What is palliative care?
Palliative care is specialized care focused on meeting the needs of individuals with chronic illness. Palliative care strives to provide patients with relief from the symptoms, pain and stress of a chronic illness, regardless of their diagnosis. The goal is to improve the quality of life for both the patient and their family as they face the challenges of uncertain health concerns.
What does palliative care do?
Palliative care is for patients of any age at any stage in a chronic illness, and can be provided together with curative treatment. The palliative care providers partner with the patient, family and other members of the health care team to provide an extra layer of support. They meet with the patient, their family and health care team, providing support to manage the patient’s symptoms, as well as help patients understand their treatment options and goals for care.
When should someone be referred to palliative care?
- To help with complex and difficult decision-making when determining the goals of care, treatment options and/or transitional planning needs.

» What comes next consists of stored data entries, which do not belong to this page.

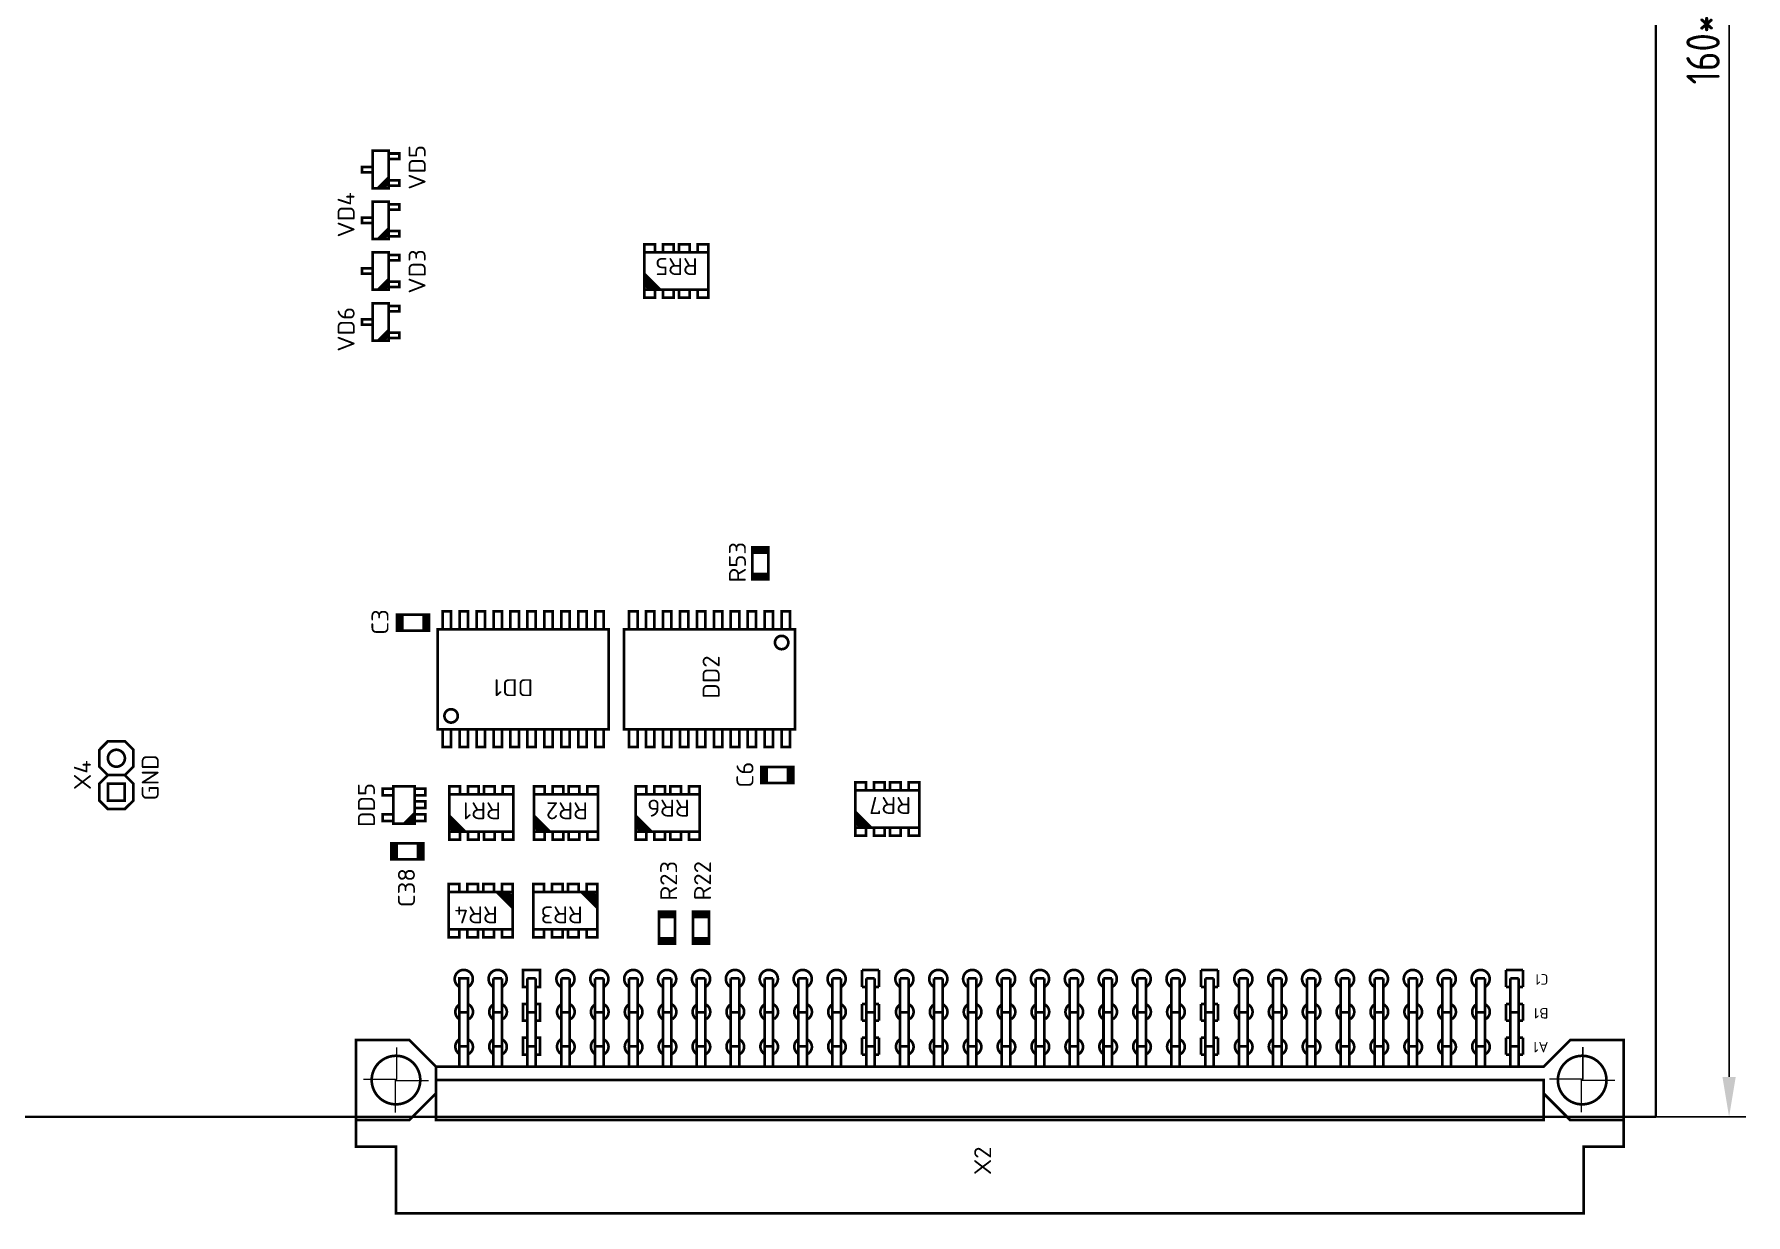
# Model space of a CAD drawing. Header units: millimetres. Extents: x 327 to 592, y -3056 to -2879.
# Drawn here: x 464 to 592.2, y -3056.3 to -2967.8 of the extents above; entities that cross this region are included whole.
import ezdxf
from ezdxf.enums import TextEntityAlignment as Align

# ---------------------------------------------------------------- set-up
doc = ezdxf.new("R2010")
doc.units = ezdxf.units.MM
for name, color, linetype, lineweight in [('BOARD', 7, 'Continuous', 35), ('TOP', 9, 'Continuous', 35), ('РАЗМЕРЫ', 7, 'Continuous', 25)]:
    doc.layers.add(name, color=color, linetype=linetype, lineweight=lineweight)
doc.layers.add('UPDATE', color=7, linetype='Continuous')
doc.styles.get("Standard").update_dxf_attribs({"font": 'txt.shx'})
doc.styles.add('ГОСТ 2.304', font='CS_Gost2304.shx')
doc.dimstyles.new('ЕСКД', dxfattribs={"dimscale": 0, "dimtxt": 3, "dimasz": 3, "dimexe": 1.25, "dimexo": 0, "dimtad": 1, "dimtoh": 1, "dimdec": 1, "dimrnd": 0.5, "dimtxsty": 'ГОСТ 2.304', "dimcen": 5, "dimadec": 3, "dimazin": 2, "dimtfac": 0.75, "dimtdec": 4, "dimtmove": 1, "dimatfit": 3, "dimfxl": 1, "dimtolj": 1, "dimarcsym": 0})

# ---------------------------------------------------------------- blocks, each defined once
blk = doc.blocks.new('*D29')
at = {"layer": 'Defpoints', "color": 0}
for p in [(585.5, -2889), (585.5, -3049), (591, -3049)]:
    blk.add_point(p, dxfattribs=at)
at = {"layer": 'РАЗМЕРЫ', "color": 0, "lineweight": -2}
for p, q in [((585.5, -2889), (592.25, -2889)), ((591, -2892), (591, -3046)), ((585.5, -3049), (592.25, -3049))]:
    blk.add_line(p, q, dxfattribs=at)
at = {"layer": 'РАЗМЕРЫ', "color": 0}
for points in [[(591.5, -2892), (590.5, -2892), (591, -2889)], [(590.5, -3046), (591.5, -3046), (591, -3049)]]:
    blk.add_solid(points, dxfattribs=at)
at = {"layer": 'РАЗМЕРЫ', "color": 0, "insert": (589.05, -2969), "char_height": 2.5, "attachment_point": 5, "rotation": 90, "style": 'ГОСТ 2.304'}
blk.add_mtext('\\A1;160*', dxfattribs=at)

msp = doc.modelspace()

# ---------------------------------------------------------------- linework, layer by layer
at = {"layer": 'BOARD'}
msp.add_lwpolyline([(563.27, -2889), (585.5, -2889), (585.5, -3049), (352.25, -3049), (352.25, -2889), (487.53, -2889)], dxfattribs=at)
at = {"layer": 'TOP'}
for points, const_width in [([(509.71, -2984.19), (509.71, -2983.59), (510.51, -2983.59), (510.51, -2984.19)], 0.2), ([(509.71, -2986.99), (509.71, -2984.19), (514.51, -2984.19), (514.51, -2986.99), (509.71, -2986.99), (509.71, -2987.59), (510.51, -2987.59), (510.51, -2986.99), (509.71, -2986.19)], 0.2), ([(511.11, -2984.19), (511.11, -2983.59), (511.91, -2983.59), (511.91, -2984.19)], 0.2), ([(512.31, -2984.19), (512.31, -2983.59), (513.11, -2983.59), (513.11, -2984.19)], 0.2), ([(513.71, -2984.19), (513.71, -2983.59), (514.51, -2983.59), (514.51, -2984.19)], 0.2), ([(510.91, -2986.99), (509.71, -2985.79)], 0.2), ([(510.71, -2986.99), (509.71, -2985.99)], 0.2), ([(510.31, -2986.99), (509.71, -2986.39)], 0.2), ([(510.11, -2986.99), (509.71, -2986.59)], 0.2), ([(511.11, -2986.99), (511.11, -2987.59), (511.91, -2987.59), (511.91, -2986.99)], 0.2), ([(512.31, -2986.99), (512.31, -2987.59), (513.11, -2987.59), (513.11, -2986.99)], 0.2), ([(513.71, -2986.99), (513.71, -2987.59), (514.51, -2987.59), (514.51, -2986.99)], 0.2), ([(517.81, -3008.71), (519.01, -3008.71), (519.01, -3006.31), (517.81, -3006.31), (517.81, -3008.71)], 0.2), ([(519.01, -3006.51), (517.81, -3006.51)], 0.2), ([(519.01, -3006.71), (517.81, -3006.71)], 0.2), ([(519.01, -3008.31), (517.81, -3008.31)], 0.2), ([(519.01, -3008.51), (517.81, -3008.51)], 0.2), ([(493.57, -3011.35), (493.57, -3012.55), (491.17, -3012.55), (491.17, -3011.35), (493.57, -3011.35)], 0.2), ([(491.37, -3012.55), (491.37, -3011.35)], 0.2), ([(491.57, -3012.55), (491.57, -3011.35)], 0.2), ([(493.17, -3011.35), (493.17, -3012.55)], 0.2), ([(493.37, -3012.55), (493.37, -3011.35)], 0.2), ([(494.6, -3012.38), (494.6, -3011.11), (495.23, -3011.11), (495.23, -3012.38)], 0.2), ([(495.87, -3012.38), (495.87, -3011.11), (496.5, -3011.11), (496.5, -3012.38)], 0.2), ([(497.14, -3012.38), (497.14, -3011.11), (497.77, -3011.11), (497.77, -3012.38)], 0.2), ([(498.41, -3012.38), (498.41, -3011.11), (499.04, -3011.11), (499.04, -3012.38)], 0.2), ([(499.68, -3012.38), (499.68, -3011.11), (500.31, -3011.11), (500.31, -3012.38)], 0.2), ([(500.95, -3012.38), (500.95, -3011.11), (501.58, -3011.11), (501.58, -3012.38)], 0.2), ([(502.22, -3012.38), (502.22, -3011.11), (502.85, -3011.11), (502.85, -3012.38)], 0.2), ([(503.49, -3012.38), (503.49, -3011.11), (504.12, -3011.11), (504.12, -3012.38)], 0.2), ([(504.76, -3012.38), (504.76, -3011.11), (505.39, -3011.11), (505.39, -3012.38)], 0.2), ([(506.03, -3012.38), (506.03, -3011.11), (506.66, -3011.11), (506.66, -3012.38)], 0.2), ([(509.2, -3012.38), (509.2, -3011.11), (508.57, -3011.11), (508.57, -3012.38)], 0.2), ([(510.47, -3012.38), (510.47, -3011.11), (509.84, -3011.11), (509.84, -3012.38)], 0.2), ([(511.74, -3012.38), (511.74, -3011.11), (511.11, -3011.11), (511.11, -3012.38)], 0.2), ([(513.01, -3012.38), (513.01, -3011.11), (512.38, -3011.11), (512.38, -3012.38)], 0.2), ([(514.28, -3012.38), (514.28, -3011.11), (513.65, -3011.11), (513.65, -3012.38)], 0.2), ([(515.55, -3012.38), (515.55, -3011.11), (514.92, -3011.11), (514.92, -3012.38)], 0.2), ([(516.82, -3012.38), (516.82, -3011.11), (516.19, -3011.11), (516.19, -3012.38)], 0.2), ([(518.09, -3012.38), (518.09, -3011.11), (517.46, -3011.11), (517.46, -3012.38)], 0.2), ([(519.36, -3012.38), (519.36, -3011.11), (518.73, -3011.11), (518.73, -3012.38)], 0.2), ([(520.63, -3012.38), (520.63, -3011.11), (520, -3011.11), (520, -3012.38)], 0.2), ([(507.03, -3019.94), (494.23, -3019.94), (494.23, -3012.44), (507.03, -3012.44), (507.03, -3019.94)], 0.2), ([(508.2, -3012.44), (521, -3012.44), (521, -3019.94), (508.2, -3019.94), (508.2, -3012.44)], 0.2), ([(494.6, -3020), (494.6, -3021.27), (495.23, -3021.27), (495.23, -3020)], 0.2), ([(495.87, -3020), (495.87, -3021.27), (496.5, -3021.27), (496.5, -3020)], 0.2), ([(497.14, -3020), (497.14, -3021.27), (497.77, -3021.27), (497.77, -3020)], 0.2), ([(498.41, -3020), (498.41, -3021.27), (499.04, -3021.27), (499.04, -3020)], 0.2), ([(499.68, -3020), (499.68, -3021.27), (500.31, -3021.27), (500.31, -3020)], 0.2), ([(500.95, -3020), (500.95, -3021.27), (501.58, -3021.27), (501.58, -3020)], 0.2), ([(502.22, -3020), (502.22, -3021.27), (502.85, -3021.27), (502.85, -3020)], 0.2), ([(503.49, -3020), (503.49, -3021.27), (504.12, -3021.27), (504.12, -3020)], 0.2), ([(504.76, -3020), (504.76, -3021.27), (505.39, -3021.27), (505.39, -3020)], 0.2), ([(506.03, -3020), (506.03, -3021.27), (506.66, -3021.27), (506.66, -3020)], 0.2), ([(509.2, -3020), (509.2, -3021.27), (508.57, -3021.27), (508.57, -3020)], 0.2), ([(510.47, -3020), (510.47, -3021.27), (509.84, -3021.27), (509.84, -3020)], 0.2), ([(511.74, -3020), (511.74, -3021.27), (511.11, -3021.27), (511.11, -3020)], 0.2), ([(513.01, -3020), (513.01, -3021.27), (512.38, -3021.27), (512.38, -3020)], 0.2), ([(514.28, -3020), (514.28, -3021.27), (513.65, -3021.27), (513.65, -3020)], 0.2), ([(515.55, -3020), (515.55, -3021.27), (514.92, -3021.27), (514.92, -3020)], 0.2), ([(516.82, -3020), (516.82, -3021.27), (516.19, -3021.27), (516.19, -3020)], 0.2), ([(518.09, -3020), (518.09, -3021.27), (517.46, -3021.27), (517.46, -3020)], 0.2), ([(519.36, -3020), (519.36, -3021.27), (518.73, -3021.27), (518.73, -3020)], 0.2), ([(520.63, -3020), (520.63, -3021.27), (520, -3021.27), (520, -3020)], 0.2), ([(471.42, -3024.02), (470.78, -3023.38), (471.42, -3022.75), (471.42, -3021.48), (470.78, -3020.84), (469.51, -3020.84), (468.88, -3021.48), (468.88, -3022.75), (469.51, -3023.38), (468.88, -3024.02), (468.88, -3025.29), (469.51, -3025.92), (470.78, -3025.92), (471.42, -3025.29), (471.42, -3024.02)], 0.2), ([(520.88, -3022.78), (520.88, -3023.98), (518.48, -3023.98), (518.48, -3022.78), (520.88, -3022.78)], 0.2), ([(518.68, -3023.98), (518.68, -3022.78)], 0.2), ([(518.88, -3023.98), (518.88, -3022.78)], 0.2), ([(520.48, -3022.78), (520.48, -3023.98)], 0.2), ([(520.68, -3023.98), (520.68, -3022.78)], 0.2), ([(469.51, -3023.38), (470.78, -3023.38)], 0.2), ([(469.51, -3025.29), (469.51, -3024.02), (470.78, -3024.02), (470.78, -3025.29), (469.51, -3025.29)], 0.2), ([(490.91, -3024.9), (490.11, -3024.9), (490.11, -3024.4), (490.91, -3024.4)], 0.2), ([(490.91, -3027.01), (490.91, -3024.21), (492.51, -3024.21), (492.51, -3027.01), (490.91, -3027.01)], 0.2), ([(492.51, -3024.9), (493.31, -3024.9), (493.31, -3024.4), (492.51, -3024.4)], 0.2), ([(495.1, -3024.83), (495.1, -3024.23), (495.9, -3024.23), (495.9, -3024.83)], 0.2), ([(496.5, -3024.83), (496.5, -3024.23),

- To assist with pain and/or symptoms that are not currently well-controlled.
- After a prolonged hospital stay, and there is minimal progress toward the expected medical outcomes.
- After the patient has repeated hospital admissions due to the chronic illness.
- When the current treatment plan is inconsistent with the patient’s goals.
When a patient and their family are considering comfort care or a referral to hospice.
Who can make a palliative care referral?
Anyone (patient, health care provider, family member) can refer a patient for palliative care. Talk to your doctor or nurse, and ask for it! Palliative care is reimbursable by Medicare, Medi-Cal and most insurance policies.